In our final example of this tutorial we will solve a simplified Lunar Lander domain using gradient descent Sarsa Lambda and CMAC/Tiling coding basis functions. The Lunar Lander domain is a simplified version of the classic 1979 Atari arcade game by the same name. In this domain the agent pilots a ship that must take off from the ground and land on a landing pad. The agent can either use a strong rocket thruster to push the ship in the direction the ship is facing, use a weak rocket thruster that is equal magnitude to the force of gravity, rotate clockwise or counterclockwise, or coast. The agent will receive a large reward for landing on the landing pad, a large negative reward for colliding with the ground or an obstacle, and a small negative reward for all other transitions.

As with the previous examples, let us begin by making a method for this example (LLSARSA) and instantiating a Lunar Lander domain, task, and initial state.

public static void LLSARSA(){

	LunarLanderDomain lld = new LunarLanderDomain();
	Domain domain = lld.generateDomain();
	RewardFunction rf = new LunarLanderRF(domain);
	TerminalFunction tf = new LunarLanderTF(domain);

	State s = LunarLanderDomain.getCleanState(domain, 0);
	LunarLanderDomain.setAgent(s, 0., 5.0, 0.0);
	LunarLanderDomain.setPad(s, 75., 95., 0., 10.);


Most of this code should be fairly self explanatory.

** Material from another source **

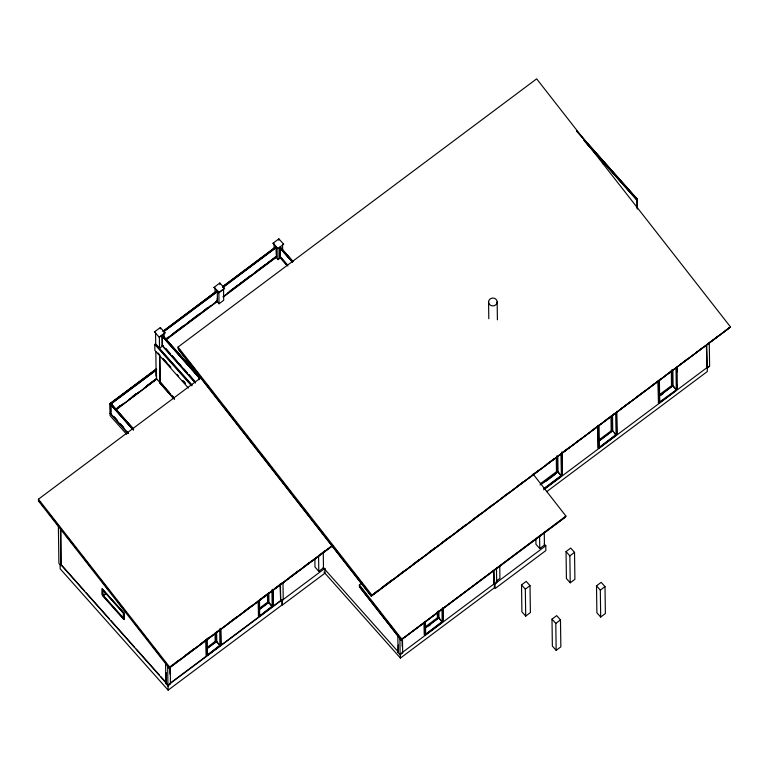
<?xml version="1.0" encoding="UTF-8"?>
<svg xmlns="http://www.w3.org/2000/svg" width="769" height="769" viewBox="0 0 769 769"><rect width="100%" height="100%" fill="white"/><g stroke="black" fill="none" stroke-linecap="round" stroke-linejoin="round"><path stroke-width="1.15" d="M160.231 328.901L160.337 327.507L154.482 331.881L159.25 337.226L165.095 332.852L160.337 327.507M219.732 284.415L219.838 283.011L213.984 287.385L218.742 292.739L224.596 288.356L219.838 283.011M278.772 240.264L278.868 238.861L273.024 243.235L277.782 248.589L283.636 244.206L278.868 238.861M159.25 337.226L165.095 332.852M218.742 292.739L224.596 288.356M277.782 248.589L273.024 243.235M201.363 377.358L38.45 499.187L38.479 500.965L169.103 668.136L332.65 545.365M371.321 596.1L730.55 326.998L536.656 78.851L178.052 347.021L178.081 348.79L371.321 596.1L730.55 326.998M362.257 582.71L359.373 584.873L359.402 586.641L400.995 639.875L565.936 516.086L533.148 474.117M359.402 586.641L359.815 586.324L359.825 587.324L401.062 640.087L401.418 639.568M565.936 516.086L564.946 517.527L401.062 640.087M728.81 328.334L729.175 327.815L725.321 330.689M105.478 593.581L102.931 596.023L123.242 618.853L123.319 613.153L103.008 590.323L103.133 595.84L124.242 619.478L124.405 613.383L102.152 588.833L102.239 594.735L103.084 595.687L106.055 593.466M163.115 331.189L216.964 290.913L217.473 291.48L163.451 331.67M222.597 286.693L276.004 246.762L276.513 247.33L223.106 287.375M163.115 331.295L216.964 290.913M222.606 286.808L276.004 246.762M163.288 331.487L216.964 291.018M222.77 286.991L276.177 247.06L276.292 255.414M222.943 287.183L276.34 247.243L276.648 257.096L276.138 256.529M163.624 331.862L217.473 291.48M199.93 378.656L161.826 335.822L162.451 335.246L199.757 377.185M292.326 261.998L279.628 247.724L280.252 247.147L292.951 261.431M188.395 388.047L154.867 350.356L154.78 344.454L155.194 344.137L191.99 385.5M166.133 338.793L168.055 337.255M172.862 333.765L183.445 325.748M188.251 322.259L198.825 314.242M203.641 310.753L207.486 307.763M229.412 291.47L237.996 284.953M239.899 283.626L250.386 275.677M255.164 272.216L265.651 264.267M267.554 262.95L275.187 257.134M165.345 339.6L210.543 305.802M215.349 302.198L217.271 300.766L217.233 298.372M227.672 292.989L275.35 257.327M165.508 339.792L217.435 300.958L217.31 291.403M223.077 296.738L276.475 256.798M165.681 340.09L217.608 301.256L217.098 300.679M223.241 297.036L276.648 256.99M154.482 331.881L155.549 332.41L155.713 344.003L159.529 348.28L163.268 345.483M216.733 301.217L219.021 303.784L223.702 300.285L223.539 288.692M275.773 257.067L278.061 259.634L280.868 257.538M132.46 429.102L109.909 403.648L156.069 369.12L156.578 369.802L110.419 404.321L156.578 369.802M109.909 403.754L156.069 369.226M117.734 407.551L120.618 405.398M133.124 396.045L136.007 393.891M147.542 385.259L154.281 380.222M116.773 408.377L120.618 405.503M132.153 396.881L136.007 393.997M145.62 386.807L156.367 378.973L143.87 388.326M116.946 408.464L123.674 403.427M128.481 399.832L139.064 391.921M116.148 409.368L156.54 379.165L156.405 369.61L110.246 404.129L110.38 413.684M111.178 413.52L110.553 413.876M115.36 410.386L156.54 379.165M173.506 398.342L160.01 383.173L160.634 382.597L166.094 388.739M38.479 500.965L38.892 500.648L40.363 502.532M58.367 525.016L58.905 563.331L60.962 565.648L60.924 529.572M102.239 594.735L102.402 588.65M586.372 143.217L636.751 199.853L637.376 199.277L576.76 131.143M124.242 619.478L124.405 613.383M168.767 667.713L172.679 665.05M171.112 665.964L178.802 660.215M185.531 655.178L194.182 648.709M200.911 643.672L209.572 637.203M215.339 632.887L221.107 628.571M229.758 622.102L236.487 617.065M245.138 610.596L251.876 605.568M259.566 599.81L267.256 594.062L267.9 602.925L259.393 609.288M274.946 588.304L282.636 582.556M289.375 577.519L298.026 571.05M303.793 566.734L309.561 562.418M319.173 555.228L324.941 550.921M174.601 663.609L188.059 653.544M189.981 652.102L203.439 642.038M205.361 640.596L214.984 633.406M219.79 629.811L230.364 621.91M232.286 620.468L245.744 610.403M247.666 608.961L261.133 598.897M263.056 597.455L276.513 587.391M278.436 585.949L291.903 575.885M293.825 574.453L303.438 567.262M308.244 563.667L318.818 555.756M323.624 552.161L331.324 546.403M169.103 668.136L332.977 545.577M207.611 647.056L215.176 641.404L215.06 633.089M259.826 608.01L267.391 602.348M207.178 648.334L215.685 641.971L215.176 641.404M207.178 648.546L216.723 641.404L219.924 645.566M259.393 609.5L268.939 602.358L272.313 606.885M170.247 667.415L170.478 683.997L167.94 685.89L165.873 683.574L166.181 672.567M207.255 638.212L207.486 654.909L206.448 655.688L220.809 644.576L220.578 628.36M259.499 615.633L258.663 616.642L273.024 605.52L272.793 589.304M314.867 558.65L314.982 567.041L318.789 571.329L323.47 567.83L323.259 552.238M220.78 628.581L221.011 644.797L219.972 645.576L216.81 642.028L216.598 631.81M269.765 603.809L272.178 606.53L273.226 605.751L272.995 589.535M207.611 655.275L219.934 645.72L219.732 628.879M259.826 616.219L272.149 606.674M169.978 683.353L280.099 600.993M169.411 684.093L168.027 685.131L166.892 683.862M170.103 683.574L282.396 599.599M280.079 584.363L280.685 601.569L283.223 599.676L282.992 582.883M60.126 564.513L60.184 568.81L168.132 690.149L282.098 604.934L282.021 599.56M377.175 591.053L371.052 595.888L178.841 349.895M382.952 586.737L392.565 579.547M398.332 575.231L404.11 570.915M412.761 564.436L419.49 559.409M428.15 552.93L434.879 547.893M442.579 542.145L450.269 536.387M456.997 531.35L465.658 524.881M472.387 519.844L481.048 513.375M486.815 509.059L492.583 504.743M502.205 497.553L507.973 493.237M516.633 486.767L523.362 481.73M532.013 475.252L538.752 470.224M546.442 464.466L554.132 458.709M561.831 452.96L569.521 447.202M576.26 442.175L581.066 438.57M591.64 430.659L596.456 427.064M606.068 419.874L614.729 413.405M620.496 409.089L630.109 401.899M635.886 397.583L645.499 390.383M650.305 386.788L660.888 378.877M665.694 375.282L672.433 370.245M680.123 364.496L687.813 358.738M695.512 352.99L703.202 347.232M709.941 342.195L718.592 335.726M372.975 594.447L397.977 575.75M402.793 572.155L413.366 564.244M415.289 562.802L428.756 552.738M430.678 551.296L444.146 541.222M446.068 539.79L459.535 529.716M461.458 528.284L474.915 518.21M476.838 516.778L486.46 509.578M491.266 505.983L501.849 498.072M506.656 494.477L517.239 486.566M519.162 485.124L532.619 475.059M534.542 473.617L577.827 441.252M579.749 439.82L593.207 429.746M595.139 428.304L608.596 418.24M610.519 416.798L666.3 375.089M668.223 373.647L681.69 363.574M683.612 362.141L697.079 352.067M699.002 350.635L712.469 340.561M714.391 339.119L727.849 329.055M540.482 483.672L556.477 471.714L556.285 457.67M598.445 440.329L611.192 430.794L610.999 416.75M659.687 394.526L671.52 385.682L671.308 370.466M540.049 484.951L556.987 472.281L556.477 471.714M598.955 440.897L611.701 431.371L611.192 430.794M659.283 395.785L672.029 386.249L671.52 385.682M540.991 484.46L558.034 471.724L561.235 475.876M598.964 441.108L612.739 430.803L615.94 434.956M659.293 395.997L673.067 385.692L676.432 390.219L659.792 402.658L659.36 379.963M545.702 481.481L555.112 474.444M661.119 395.17L662.936 393.805M544.048 488.392L562.11 474.886L561.793 452.057M616.7 411.367L617.026 434.197L598.301 448.202L616.815 433.966L616.517 412.347M677.047 367.457L677.354 389.085L658.427 402.85L659.667 402.302M676.105 389.633L677.143 388.854L677.095 385.25M544.212 488.767L562.312 475.117L561.995 452.287M544.375 488.978L561.399 476.251L560.957 453.547M543.664 489.766L708.778 366.284M706.384 345.127L707.076 368.255L709.614 366.352L709.278 342.455M546.692 491.66L707.345 371.514L707.288 367.217M400.995 639.875L565.302 517.008M424.68 627.312L437.417 617.786L437.34 611.932M425.18 627.879L437.926 618.353L437.417 617.786M425.19 628.1L438.964 617.795L442.338 622.323L425.69 634.761L425.382 621.477M428.833 625.908L430.659 624.553M402.456 638.587L402.658 652.939L400.12 654.842L398.054 652.516L398.419 644.999M443.069 607.971L443.252 621.189L424.526 635.184L443.05 620.958L442.857 607.741M496.178 581.153L499.917 578.355L499.744 565.494M535.868 538.435L535.955 544.279L539.761 548.557L544.442 545.058L544.26 532.196M400.899 653.554L495.169 583.065M545.788 545.74L495.034 583.7L495.101 588.535L545.855 550.575L545.788 545.74L544.192 543.952M493.592 570.944L494.15 584.517L496.687 582.623L496.486 568.272M323.97 572.107L400.438 658.062L494.419 587.776L494.361 583.479M521.526 584.882L526.207 581.383L530.014 585.661L530.389 612.595L525.708 616.094L521.901 611.816L521.526 584.882L525.333 589.16L525.708 616.094M566.042 551.584L570.723 548.086L574.53 552.373L574.904 579.307L570.223 582.806L566.417 578.528L566.042 551.584L569.848 555.872L570.223 582.806M525.333 589.16L530.014 585.661M569.848 555.872L574.53 552.373M551.988 619.132L556.669 615.623L560.476 619.91L560.851 646.844L556.17 650.343L552.363 646.066L551.988 619.132L555.795 623.409L556.17 650.343M596.504 585.834L601.185 582.335L605.001 586.612L605.376 613.547L600.695 617.055L596.888 612.768L596.504 585.834L600.32 590.111L600.695 617.055M555.795 623.409L560.476 619.91M600.32 590.111L605.001 586.612M283.636 244.206L282.579 244.542L282.675 251.501M213.984 287.385L218.098 291.336M576.76 131.249L637.376 199.277M584.421 140.256L637.165 199.546L637.299 209.101M584.209 140.41L636.963 199.7L637.078 208.053M584.007 140.458L636.751 199.853M672.414 385.48L676.307 389.864L675.999 367.515M614.306 433.091L615.979 434.975M558.111 472.339L561.274 475.886M292.951 261.537L280.252 247.147M292.749 261.691L280.041 247.416L280.176 256.971L287.318 264.997M292.537 261.844L279.829 247.57L279.964 257.125L287.904 266.045M292.326 261.893L279.628 247.724M287.529 264.949L280.387 256.808L279.762 257.279L286.904 265.42M439.791 619.247L442.204 621.958M199.767 377.291L162.451 335.246M199.555 377.454L162.24 335.505L162.374 345.06M199.344 377.608L162.038 335.668L162.163 345.223L195.509 382.702M199.93 378.55L161.826 335.822M165.758 348.482L170.526 353.942M172.112 355.614L176.88 361.074M179.254 363.756L180.84 365.544M184.022 369.11L187.194 372.677M188.78 374.465L195.134 381.607M165.546 348.636L170.314 353.99M171.9 355.768L186.982 372.725M188.578 374.513L194.922 381.655M195.307 382.962L161.961 345.483L162.586 345.012M191.981 384.961L155.53 343.983L155.53 344.522M154.78 344.454L191.51 385.74M183.637 381.443L185.233 383.231M158.087 353.009L159.616 354.72L160 382.635L156.194 378.358M163.586 359.181L166.758 362.757M168.344 364.535L170.728 367.217M185.021 383.279L182.638 380.597L185.021 383.385M162.788 358.402L170.728 367.322M177.081 374.465L178.668 376.243M163.018 385.384L160.634 382.597M166.988 389.845L169.372 392.526M172.544 396.093L174.13 397.881M160.423 382.751L169.949 393.459M172.333 396.141L173.919 397.929M174.505 398.976L160.221 382.914L159.837 355.855M174.303 399.13L160.01 383.173M156.203 378.896L156.713 379.357M323.153 567.464L398.515 652.179M133.085 428.525L111.034 403.744L133.085 428.631M133.662 429.669L110.832 404.013L110.947 412.367M133.45 429.833L110.621 404.167L110.755 413.722L128.077 433.187M109.909 403.648L133.248 429.881M114.321 416.952L117.474 420.595M120.618 424.027L123.771 427.679M114.11 417.106L117.263 420.643M120.416 424.18L123.559 427.727M126.712 431.265L128.288 433.034M127.865 433.456L110.044 413.309L110.073 415.664L126.645 434.293M102.152 588.833L124.155 613.566M103.334 595.504L124.491 619.285M61.693 565.225L84.715 591.101M86.301 592.88L109.323 618.757M110.909 620.545L134.719 647.315M136.315 649.094L159.327 674.971M160.913 676.758L166.479 682.997M61.424 565.311L166.335 683.228M178.052 347.021L371.956 595.168M179.562 349.847L181.042 351.741M188.415 361.18L198.008 373.455M206.861 384.788L214.243 394.228M215.724 396.122L217.194 398.006M225.307 408.397L233.43 418.778M234.901 420.672L236.381 422.556M243.754 432.005L252.617 443.338M254.087 445.222L255.568 447.106M261.47 454.662L271.793 467.888M273.274 469.772L274.744 471.666M279.916 478.27L290.98 492.439M298.362 501.878L307.956 514.153M316.069 524.545L324.182 534.926M325.662 536.82L327.133 538.704M334.515 548.153L340.417 555.708M341.897 557.592L343.368 559.486M344.848 561.37L346.319 563.264M352.961 571.761L359.604 580.259M361.074 582.143L362.555 584.036M364.025 585.92L365.506 587.814M359.373 584.873L401.629 638.952M359.815 586.324L366.38 594.735M372.955 603.136L380.251 612.48M381.712 614.354L383.173 616.219M386.817 620.891L394.113 630.224M395.574 632.099L397.035 633.964M38.45 499.187L169.728 667.204M41.834 504.416L43.304 506.3M48.457 512.894L59.501 527.034M66.124 535.512L73.488 544.933M74.958 546.817L76.429 548.701M83.062 557.179L89.685 565.657M91.155 567.541L92.626 569.425M94.097 571.309L95.577 573.193M100.729 579.788L108.823 590.15M117.657 601.454L125.751 611.816M134.585 623.121L141.948 632.541M143.418 634.425L144.889 636.309M146.37 638.193L147.84 640.077M152.252 645.729L161.086 657.043M706.74 344.349L707.076 368.255M676.845 367.226L676.912 372.033M672.856 370.341L673.077 386.23M671.798 369.87L672.029 386.471M658.322 381.462L658.629 403.081M658.12 381.232L658.427 402.85M615.671 412.636L616.104 435.331L599.464 447.779L599.032 425.084M612.528 415.452L612.749 431.342M611.49 416.154L611.701 431.582M603.521 161.336L602.896 161.692M603.107 161.644L603.136 164.037M597.984 425.372L598.301 448.202M597.792 426.343L598.099 447.971M557.813 456.363L558.034 472.253M556.756 455.902L556.987 472.502M539.578 535.695L539.761 548.557M497.159 301.909A4.287 3.932 -0.8 0 1 490.766 305.408A4.287 3.932 -0.8 0 1 490.67 298.593A4.287 3.932 -0.8 0 1 497.159 301.909L497.408 319.817M493.948 570.175L494.15 584.517M488.575 302.034L488.805 318.741M442.031 609.029L442.175 622.111M438.868 610.701L438.974 618.324M437.83 611.336L437.926 618.564M424.344 621.967L424.526 635.184M424.152 622.948L424.325 634.954M402.091 638.174L402.206 646.546M400.38 653.765L400.438 658.062M399.89 638.097L400.12 654.842M397.804 634.579L398.054 652.516M318.577 555.737L318.789 571.329M277.897 248.041L278.061 259.634M280.435 583.584L280.685 601.569M274.091 243.763L274.149 248.397M271.947 589.833L272.178 606.53M268.804 592.764L268.948 602.896M267.785 594.61L267.9 603.136M259.48 600.358L259.662 616.007M258.432 600.426L258.663 616.642M258.249 601.358L258.461 616.411M218.857 292.191L219.021 303.784M215.051 287.914L215.118 292.547M215.57 633.656L215.695 642.721M206.217 639.472L206.448 655.688M206.034 640.404L206.246 655.467M198.921 375.061L198.988 379.79M169.872 666.992L169.968 674.096M164.047 333.188L164.095 336.668M168.065 684.785L168.132 690.149M167.661 665.762L167.94 685.89M165.575 662.253L165.873 683.574M159.366 336.687L159.529 348.28M156.338 376.589L156.242 369.418L110.073 403.936L110.207 413.501M155.819 351.606L156.165 376.031M60.453 528.534L60.962 565.648M38.892 500.648L38.902 501.648M324.874 568.368L282.194 600.291L282.261 605.116L324.941 573.203L324.874 568.368"/></g></svg>

Using a default construct for LunarLanderDomain and not setting anything else with it will use default parameters for the domain (but you can change various properties such as the force of gravity, thrust, etc.). The default reward function returns +1000 for landing, -100 for collisions, and -1 for regular transitions (though these values can be changed with a different constructor). The terminal function sets all states in which the ship has landed on the landing pad as terminal states. The getCleanState method, with the parameter 0 creates a state with an agent object (the ship) a landing pad object, and 0 obstacle objects. The setAgent method parameters specify the angle of the ship from the vertical axis in radians, the x position of the ship (5), and the y position of the ship (0, on the ground), respectively. The setPad method parameters define the landing pad dimensions in terms of the rectangular left, right, bottom, top boundaries, respectively. This will create an initial state that looks like the below (as visualized in BURLAP).

The initial stated used in Lunar Lander. The red box is the ship, the blue box the landing pad.

We're going to solve this problem with gradient descent SARSA(λ), which is a learning algorithm that behaves much like conventional tabular SARSA(λ) (discussed in previous tutorials), except it learns an approximation of the value function, much like LSPI. Unlike LSPI, gradient descent SARSA(λ) does not need to use a linear approximator; however, in practice it is usually a good idea to use a linear approximator because there are much stronger learning convergence guarantees with linear approximators. When using a linear approximator, it is a good idea then to use some kind of basis functions. Like in the LSPI example, we could use the same Fourier basis or radial basis functions for gradient descent SARSA(λ). However, this time we'll use a different basis function: CMACs, also know in reinforcement learning literature as Tile Coding.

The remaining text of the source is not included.